On solvability of nonlinear boundary value problems for the equation $(x'+g(t,x,x'))'=f(t,x,x')$ with one-sided growth restrictions on $f$

Svatoslav Stanek

Address. Department of Mathematical Analysis, Faculty of Science, Palacky University, Tomkova 40, 779 00 Olomouc, CZECH REPUBLIC

E-mail: stanek@risc.upol.cz

Abstract. We consider boundary value problems for second order differential equations of the form $(x'+g(t,x,x'))'=f(t,x,x')$ with the boundary conditions $r(x(0),x'(0),x(T)) + \varphi(x)=0$, $w(x(0),x(T),x'(T))+ \psi(x)=0$, where $g,r,w$ are continuous functions, $f$ satisfies the local Carath\'eodory conditions and $\varphi, \psi$ are continuous and nondecreasing functionals.

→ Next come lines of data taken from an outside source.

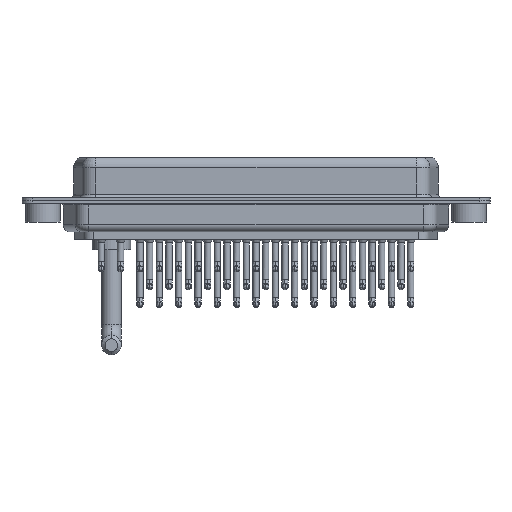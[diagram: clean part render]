
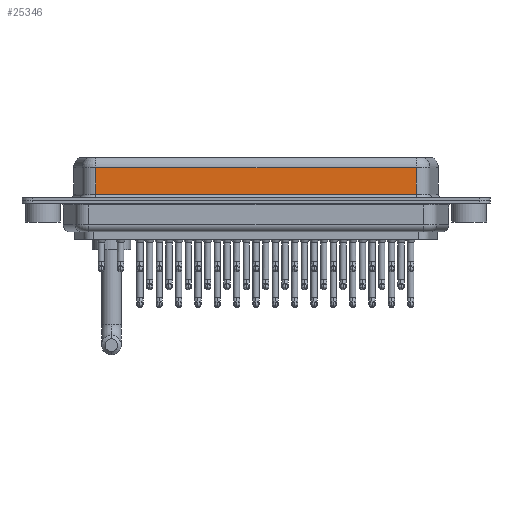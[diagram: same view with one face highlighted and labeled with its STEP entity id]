
A CAD part, front view. The second image highlights one B-rep face of the part: STEP entity #25346.
In plain terms, the highlighted planar face has unit normal (0, -1, 0).
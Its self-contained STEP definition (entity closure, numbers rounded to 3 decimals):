
#140 = CARTESIAN_POINT ( 'NONE',  ( 53.41, -5.375, 4.65 ) ) ;
#2304 = LINE ( 'NONE', #20333, #30783 ) ;
#2856 = CARTESIAN_POINT ( 'NONE',  ( 53.41, -5.375, 6.4 ) ) ;
#5154 = AXIS2_PLACEMENT_3D ( 'NONE', #2856, #10418, #31859 ) ;
#5439 = PLANE ( 'NONE',  #5154 ) ;
#5443 = LINE ( 'NONE', #16603, #9239 ) ;
#5837 = VERTEX_POINT ( 'NONE', #22013 ) ;
#5999 = CARTESIAN_POINT ( 'NONE',  ( 7.59, -5.375, 6.4 ) ) ;
#6450 = CARTESIAN_POINT ( 'NONE',  ( 7.59, -5.375, 4.65 ) ) ;
#6553 = EDGE_CURVE ( 'NONE', #9310, #8663, #23490, .T. ) ;
#7668 = FACE_OUTER_BOUND ( 'NONE', #28081, .T. ) ;
#8663 = VERTEX_POINT ( 'NONE', #6450 ) ;
#9239 = VECTOR ( 'NONE', #15920, 1000. ) ;
#9310 = VERTEX_POINT ( 'NONE', #20431 ) ;
#10418 = DIRECTION ( 'NONE',  ( 0., 1., 0. ) ) ;
#10805 = DIRECTION ( 'NONE',  ( 0., 0., -1. ) ) ;
#10974 = LINE ( 'NONE', #5999, #29882 ) ;
#13530 = DIRECTION ( 'NONE',  ( -1., 0., 0. ) ) ;
#14945 = VECTOR ( 'NONE', #13530, 1000. ) ;
#15920 = DIRECTION ( 'NONE',  ( 1., 0., 0. ) ) ;
#16603 = CARTESIAN_POINT ( 'NONE',  ( 53.41, -5.375, 0.9 ) ) ;
#19265 = EDGE_CURVE ( 'NONE', #9310, #5837, #2304, .T. ) ;
#20333 = CARTESIAN_POINT ( 'NONE',  ( 53.41, -5.375, 6.4 ) ) ;
#20431 = CARTESIAN_POINT ( 'NONE',  ( 53.41, -5.375, 4.65 ) ) ;
#22013 = CARTESIAN_POINT ( 'NONE',  ( 53.41, -5.375, 0.9 ) ) ;
#22539 = EDGE_CURVE ( 'NONE', #8663, #26004, #10974, .T. ) ;
#22732 = DIRECTION ( 'NONE',  ( 0., 0., -1. ) ) ;
#22799 = ORIENTED_EDGE ( 'NONE', *, *, #19265, .F. ) ;
#23490 = LINE ( 'NONE', #140, #14945 ) ;
#25346 = ADVANCED_FACE ( 'NONE', ( #7668 ), #5439, .F. ) ;
#26004 = VERTEX_POINT ( 'NONE', #28489 ) ;
#26959 = ORIENTED_EDGE ( 'NONE', *, *, #6553, .T. ) ;
#28081 = EDGE_LOOP ( 'NONE', ( #22799, #26959, #30951, #32365 ) ) ;
#28489 = CARTESIAN_POINT ( 'NONE',  ( 7.59, -5.375, 0.9 ) ) ;
#29882 = VECTOR ( 'NONE', #10805, 1000. ) ;
#30690 = EDGE_CURVE ( 'NONE', #26004, #5837, #5443, .T. ) ;
#30783 = VECTOR ( 'NONE', #22732, 1000. ) ;
#30951 = ORIENTED_EDGE ( 'NONE', *, *, #22539, .T. ) ;
#31859 = DIRECTION ( 'NONE',  ( 0., 0., 1. ) ) ;
#32365 = ORIENTED_EDGE ( 'NONE', *, *, #30690, .T. ) ;

Existence results are proved by the method of lower and upper functions and applying the degree theory for $\alpha$-condensing operators.

AMSclassification. 34B15.

Keywords. Nonlinear boundary value problem, existence, lower and upper functions, $\alpha$-condensing operator, Borsuk antipodal theorem, Leray-Schauder degree, homotopy.